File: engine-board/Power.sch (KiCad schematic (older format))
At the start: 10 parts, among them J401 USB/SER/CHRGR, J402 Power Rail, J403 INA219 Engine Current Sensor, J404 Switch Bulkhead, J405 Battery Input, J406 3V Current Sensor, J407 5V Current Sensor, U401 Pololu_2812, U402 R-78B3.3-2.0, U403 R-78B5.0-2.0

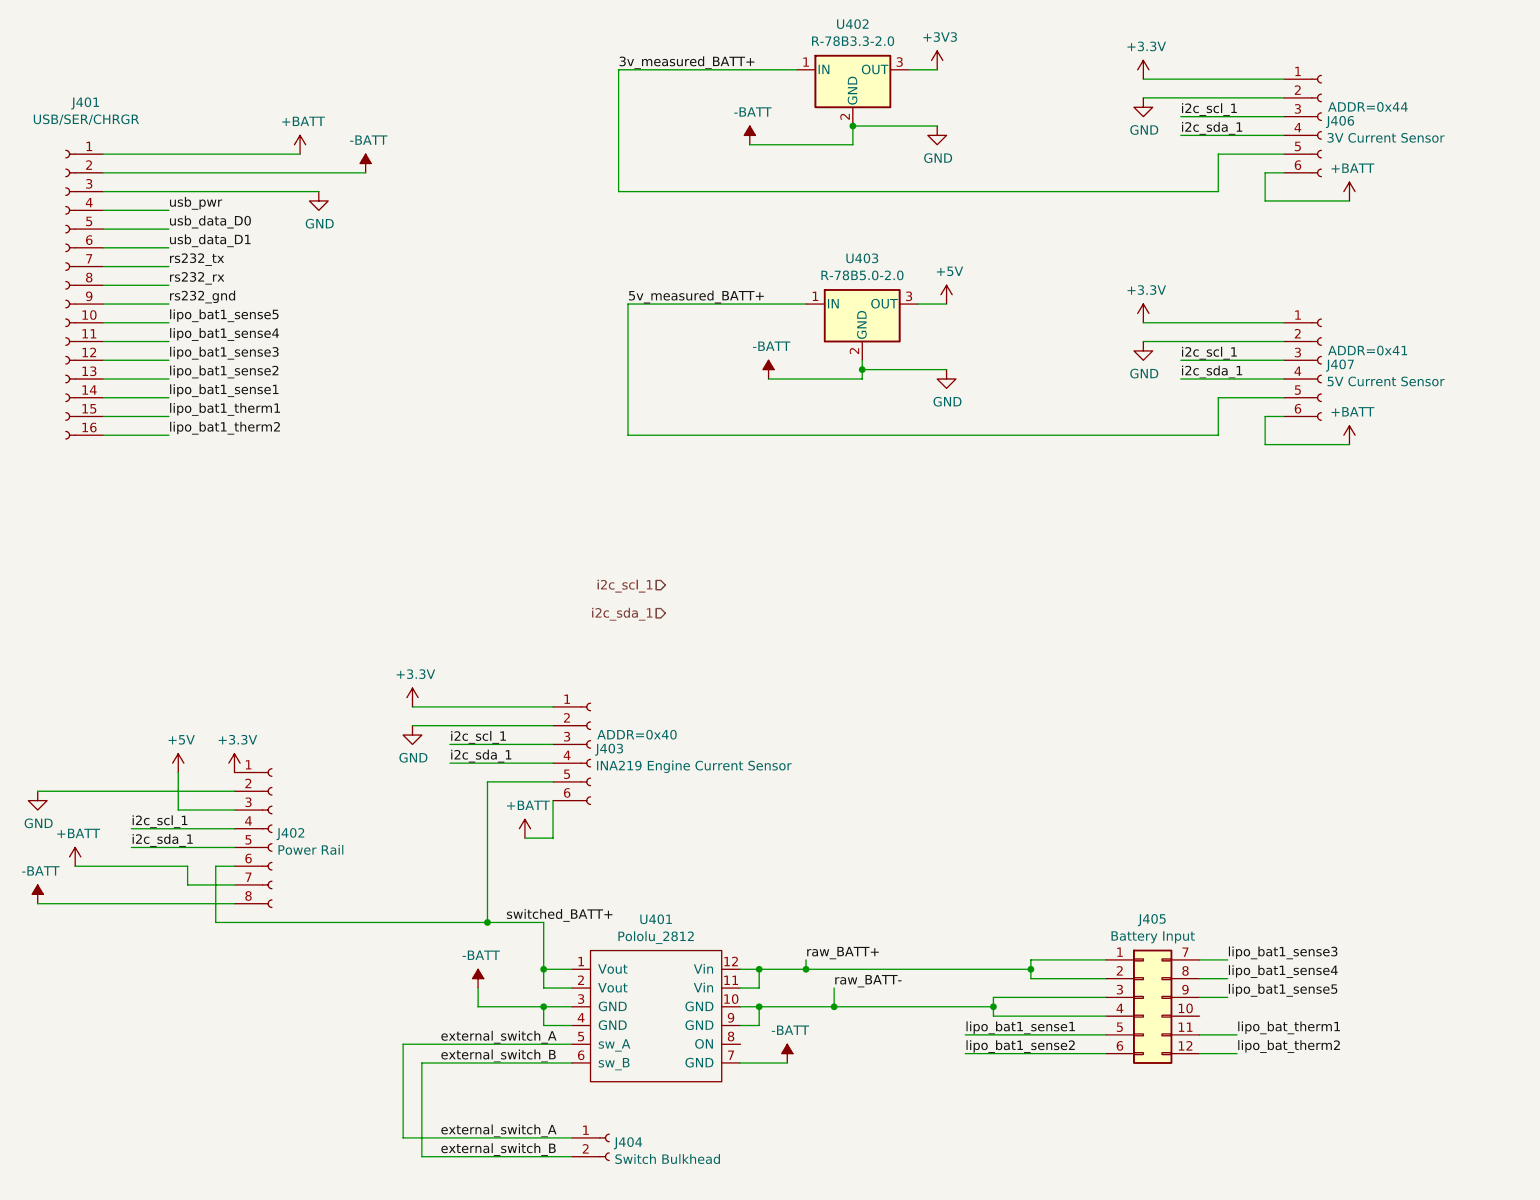
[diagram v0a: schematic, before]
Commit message: pcb parts done, footprints updated, ready for routing
pre-routing step..
- finalized footprints
- verified layout, size, mounting holes (1.75" apart)
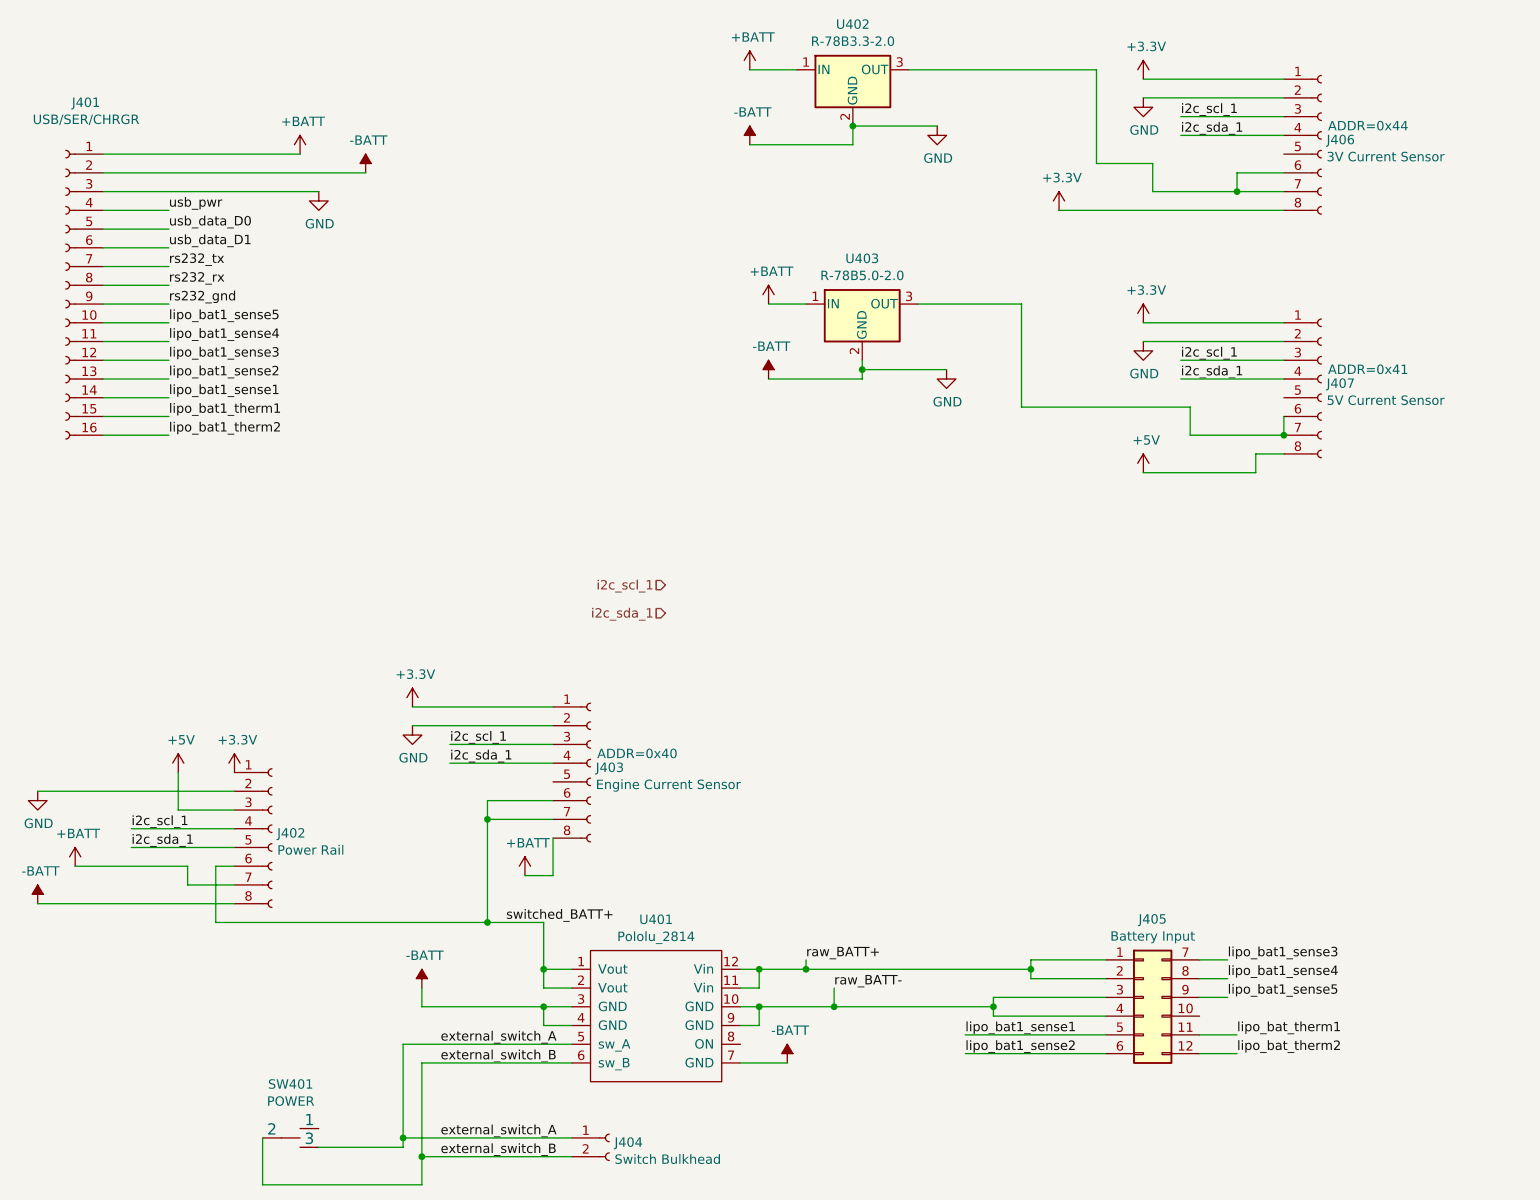
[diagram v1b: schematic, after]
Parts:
- removed J403: INA219 Engine Current Sensor, Connector_PinSocket_2.54mm:PinSocket_1x06_P2.54mm_Vertical, symbol Connector:Conn_01x06_Female
- removed J406: 3V Current Sensor, Connector_PinSocket_2.54mm:PinSocket_1x06_P2.54mm_Vertical, symbol Connector:Conn_01x06_Female
- removed J407: 5V Current Sensor, Connector_PinSocket_2.54mm:PinSocket_1x06_P2.54mm_Vertical, symbol Connector:Conn_01x06_Female
- added J403: Engine Current Sensor, Connector_PinSocket_2.54mm:PinSocket_1x08_P2.54mm_Vertical, symbol Connector:Conn_01x08_Female
- added J406: 3V Current Sensor, Connector_PinSocket_2.54mm:PinSocket_1x08_P2.54mm_Vertical, symbol Connector:Conn_01x08_Female
- added J407: 5V Current Sensor, Connector_PinSocket_2.54mm:PinSocket_1x08_P2.54mm_Vertical, symbol Connector:Conn_01x08_Female
- added SW401: POWER, Module:SliderSwitch_Simple, symbol MiscellaneousDevices:SWITCH_SPDT
- U401: value Pololu_2812 -> Pololu_2814; footprint Module:Pololu_SlidePwrSwitch -> Module:Pololu_Breakout-16_15.2x20.3mm; Link https://www.pololu.com/product/2812 -> https://www.pololu.com/product/2814; MPM 2812 -> 2814
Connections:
- net 3v_measured_BATT+ is gone; now on net +BATT: U402.1 (IN)
- net 5v_measured_BATT+ is gone; now on net +BATT: U403.1 (IN)
- net +3V3: now also J403.1 (Pin_1), J406.1 (Pin_1), J406.8 (Pin_8), J407.1 (Pin_1); no longer U402.3 (OUT)
- net +5V: now also J407.8 (Pin_8); no longer U403.3 (OUT)
- net +BATT: now also J403.8 (Pin_8)
- net -BATT: now also J403.2 (Pin_2), J406.2 (Pin_2), J407.2 (Pin_2)
- net external_switch_A: now also SW401.3
- net external_switch_B: now also SW401.2
- net i2c_scl_1: now also J403.3 (Pin_3), J406.3 (Pin_3), J407.3 (Pin_3)
- net i2c_sda_1: now also J403.4 (Pin_4), J406.4 (Pin_4), J407.4 (Pin_4)
- net switched_BATT+: now also J403.6 (Pin_6), J403.7 (Pin_7)
- new net: J406.6 (Pin_6), J406.7 (Pin_7), U402.3 (OUT)
- new net: J407.6 (Pin_6), J407.7 (Pin_7), U403.3 (OUT)

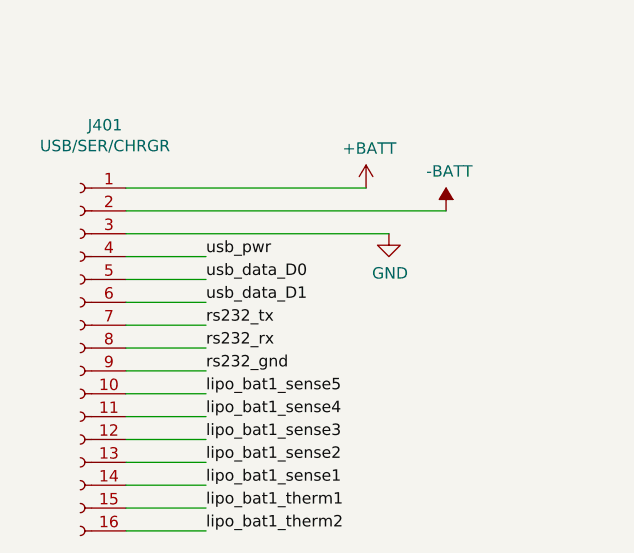
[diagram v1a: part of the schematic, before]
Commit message: shortend pcb, ready to route
ready to route, shortend pcb, layout complete
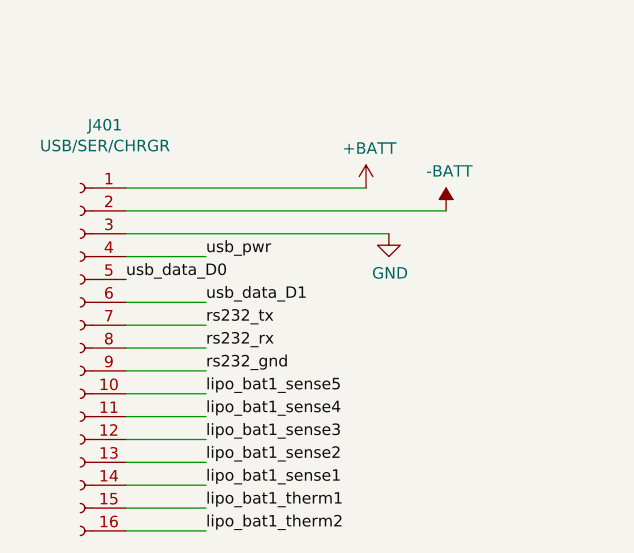
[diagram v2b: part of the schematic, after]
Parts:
- J401: footprint Connector_Molex:Molex_Micro-Fit_3.0_43045-1600_2x08_P3.00mm_Horizontal -> Connector_Molex:Molex_Micro-Fit_3.0_43045-1621_2x08-1MP_P3.00mm_Horizontal; Link https://www.digikey.com/en/products/detail/molex/0430451202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 -> https://www.digikey.com/en/products/detail/molex/0430451623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; MPN 0430451202 -> 430451623; Price 4.98 -> 6.91
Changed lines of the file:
@@
 F 0 "J401" H 1142 3025 50  0000 C CNN
 F 1 "USB/SER/CHRGR" H 1142 2934 50  0000 C CNN
-F 2 "Connector_Molex:Molex_Micro-Fit_3.0_43045-1600_2x08_P3.00mm_Horizontal" H 1142 2843 50  0001 C CNN
+F 2 "Connector_Molex:Molex_Micro-Fit_3.0_43045-1621_2x08-1MP_P3.00mm_Horizontal" H 1142 2843 50  0001 C CNN
 F 3 "~" H 1250 2050 50  0001 C CNN
-F 4 "https://www.digikey.com/en/products/detail/molex/0430451202/252537" H 1250 2050 50  0001 C CNN "Link"
+F 4 "https://www.digikey.com/en/products/detail/molex/0430451623/3044583?s=N4IgTCBcDaICwGYAMcCsBGAbGBIC6AvkA" H 1250 2050 50  0001 C CNN "Link"
 F 5 "Molex" H 1250 2050 50  0001 C CNN "MANUFACTURER"
-F 6 "0430451202" H 1250 2050 50  0001 C CNN "MPN"
-F 7 "4.98" H 1250 2050 50  0001 C CNN "Price"
+F 6 "430451623" H 1250 2050 50  0001 C CNN "MPN"
+F 7 "6.91" H 1250 2050 50  0001 C CNN "Price"
 	1    1250 2050
 	-1   0    0    -1
@@
 Text Label 1800 1650 0    50   ~ 0
 usb_pwr
-Text Label 1800 1750 0    50   ~ 0
+Text Label 1450 1750 0    50   ~ 0
 usb_data_D0
 Text Label 1800 1850 0    50   ~ 0
@@
 	1450 1650 1800 1650
 Wire Wire Line
-	1450 1750 1800 1750
-Wire Wire Line
 	1450 1850 1800 1850

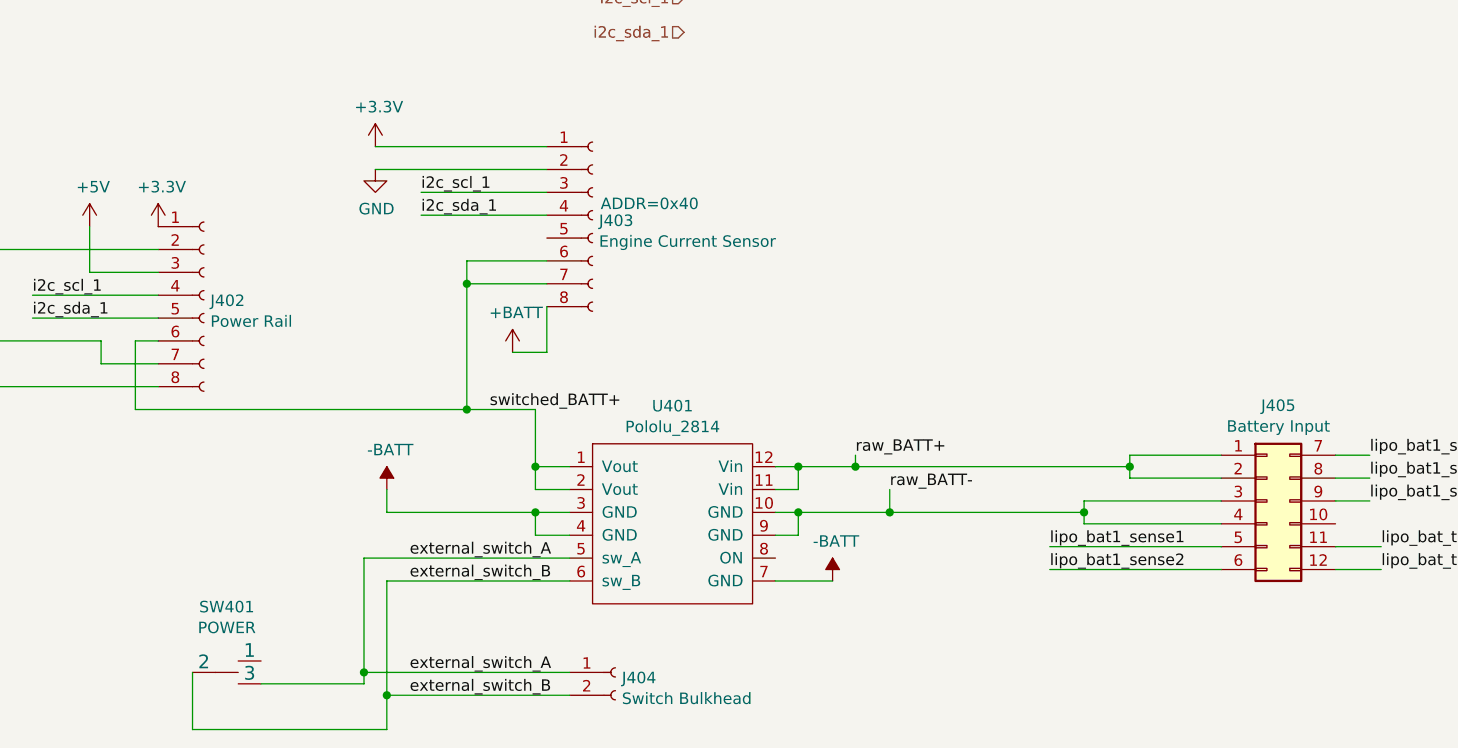
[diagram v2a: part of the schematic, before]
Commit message: ready for layout
- added batt solder tabs
- swapped some terminal blocks with microfit connectors
- shortened board, tightened layout
- tried to space everything out properly
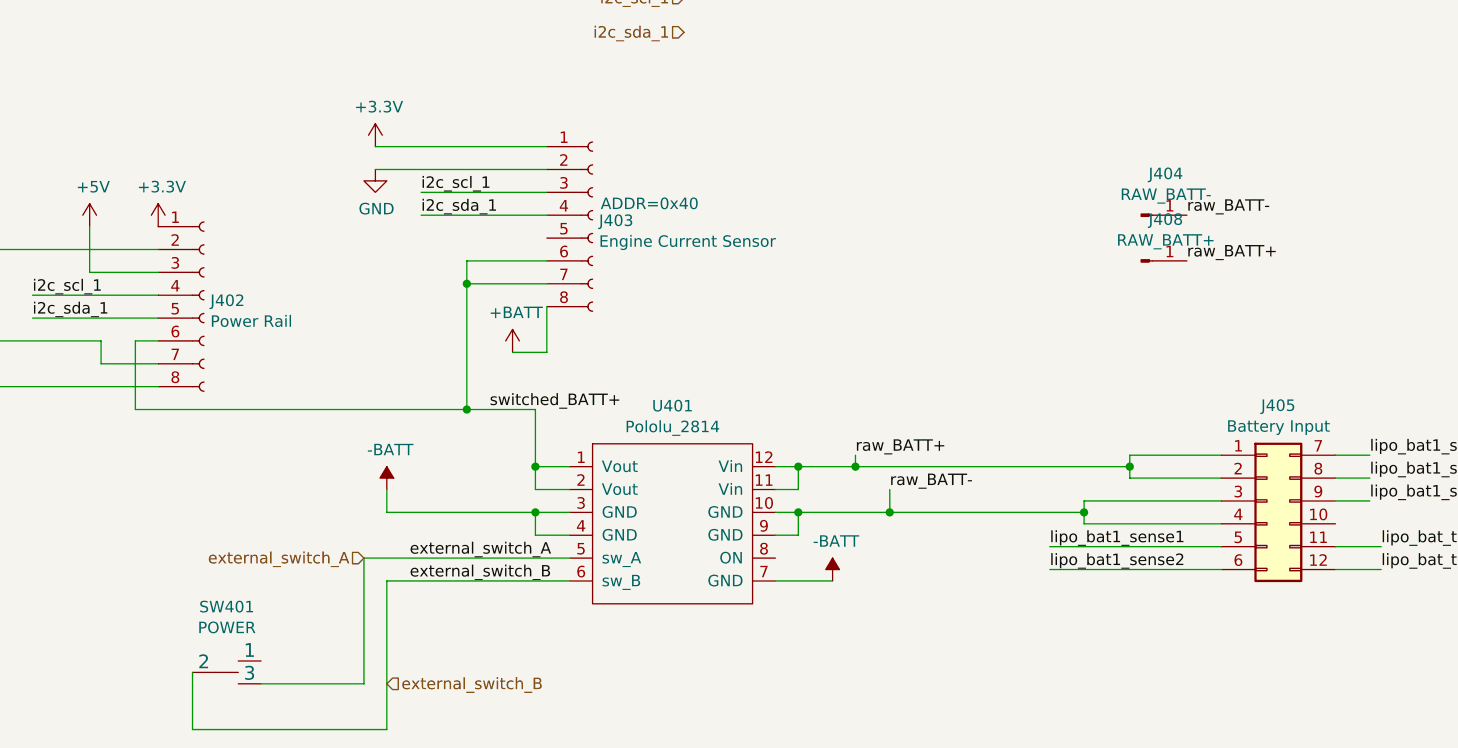
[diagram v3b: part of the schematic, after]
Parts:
- removed J404: Switch Bulkhead, TerminalBlock_CUI:CUI_TBP01R1W-508-02BE, symbol Connector:Conn_01x02_Female
- added J404: RAW_BATT-, TestPoint:TestPoint_Pad_4.0x4.0mm, symbol Connector:Conn_01x01_Male
- added J408: RAW_BATT+, TestPoint:TestPoint_Pad_4.0x4.0mm, symbol Connector:Conn_01x01_Male
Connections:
- net raw_BATT+: now also J408.1 (Pin_1)
- net raw_BATT-: now also J404.1 (Pin_1)
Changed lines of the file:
@@
 	1    0    0    -1
 $EndComp
-$Comp
-L Connector:Conn_01x02_Female J?
-U 1 1 61BB0ACA
-P 4150 6600
-AR Path="/61BB0ACA" Ref="J?"  Part="1"
-AR Path="/61B60659/61BB0ACA" Ref="J404"  Part="1"
-F 0 "J404" H 4178 6576 50  0000 L CNN
-F 1 "Switch Bulkhead" H 4178 6485 50  0000 L CNN
-F 2 "TerminalBlock_CUI:CUI_TBP01R1W-508-02BE" H 4150 6600 50  0001 C CNN
-F 3 "~" H 4150 6600 50  0001 C CNN
-F 4 "https://www.digikey.com/en/products/detail/cui-devices/TBP01R1W-508-02BE/10238425" H 4150 6600 50  0001 C CNN "Link"
-F 5 "CUI Devices" H 4150 6600 50  0001 C CNN "MANUFACTURER"
-F 6 "TBP01R1W-508-02BE" H 4150 6600 50  0001 C CNN "MPN"
-F 7 "0.77" H 4150 6600 50  0001 C CNN "Price"
-	1    4150 6600
-	1    0    0    -1
-$EndComp
-Text Label 3250 6600 0    50   ~ 0
-external_switch_A
-Text Label 3250 6700 0    50   ~ 0
-external_switch_B
 Wire Wire Line
 	4850 6200 5100 6200
@@
 	6400 5700 6400 5750
 Wire Wire Line
-	3050 6100 3050 6600
-Wire Wire Line
-	3050 6600 3950 6600
-Wire Wire Line
 	3050 6100 3950 6100
-Wire Wire Line
-	3150 6200 3150 6700
-Wire Wire Line
-	3150 6700 3950 6700
 Wire Wire Line
 	3150 6200 3950 6200
@@
 	2300 6850 3150 6850
 Wire Wire Line
-	3150 6850 3150 6700
-Connection ~ 3150 6700
-Wire Wire Line
 	2600 6650 3050 6650
-Wire Wire Line
-	3050 6650 3050 6600
-Connection ~ 3050 6600
+Text HLabel 3050 6100 0    50   Input ~ 0
+external_switch_A
+Text HLabel 3150 6650 2    50   Input ~ 0
+external_switch_B
+Wire Wire Line
+	3050 6100 3050 6650
+Wire Wire Line
+	3150 6200 3150 6850
+$Comp
+L Connector:Conn_01x01_Male J404
+U 1 1 6201AA81
+P 6450 4600
+F 0 "J404" H 6558 4781 50  0000 C CNN
+F 1 "RAW_BATT-" H 6558 4690 50  0000 C CNN
+F 2 "TestPoint:TestPoint_Pad_4.0x4.0mm" H 6450 4600 50  0001 C CNN
+F 3 "~" H 6450 4600 50  0001 C CNN
+	1    6450 4600
+	1    0    0    -1
+$EndComp
+$Comp
+L Connector:Conn_01x01_Male J408
+U 1 1 6201B167
+P 6450 4800
+F 0 "J408" H 6558 4981 50  0000 C CNN
+F 1 "RAW_BATT+" H 6558 4890 50  0000 C CNN
+F 2 "TestPoint:TestPoint_Pad_4.0x4.0mm" H 6450 4800 50  0001 C CNN
+F 3 "~" H 6450 4800 50  0001 C CNN
+	1    6450 4800
+	1    0    0    -1
+$EndComp
+Text Label 6650 4800 0    50   ~ 0
+raw_BATT+
+Text Label 6650 4600 0    50   ~ 0
+raw_BATT-
 $EndSCHEMATC
++++
Retyping should start at the first line of the data above and stop after the line with "- finalized footprints", and no picture should be included.

File: engine-board/Power.sch (KiCad schematic (older format))
At the start: 10 parts, among them J401 USB/SER/CHRGR, J402 Power Rail, J403 INA219 Engine Current Sensor, J404 Switch Bulkhead, J405 Battery Input, J406 3V Current Sensor, J407 5V Current Sensor, U401 Pololu_2812, U402 R-78B3.3-2.0, U403 R-78B5.0-2.0

[diagram v0a: schematic, before]
Commit message: pcb parts done, footprints updated, ready for routing
pre-routing step..
- finalized footprints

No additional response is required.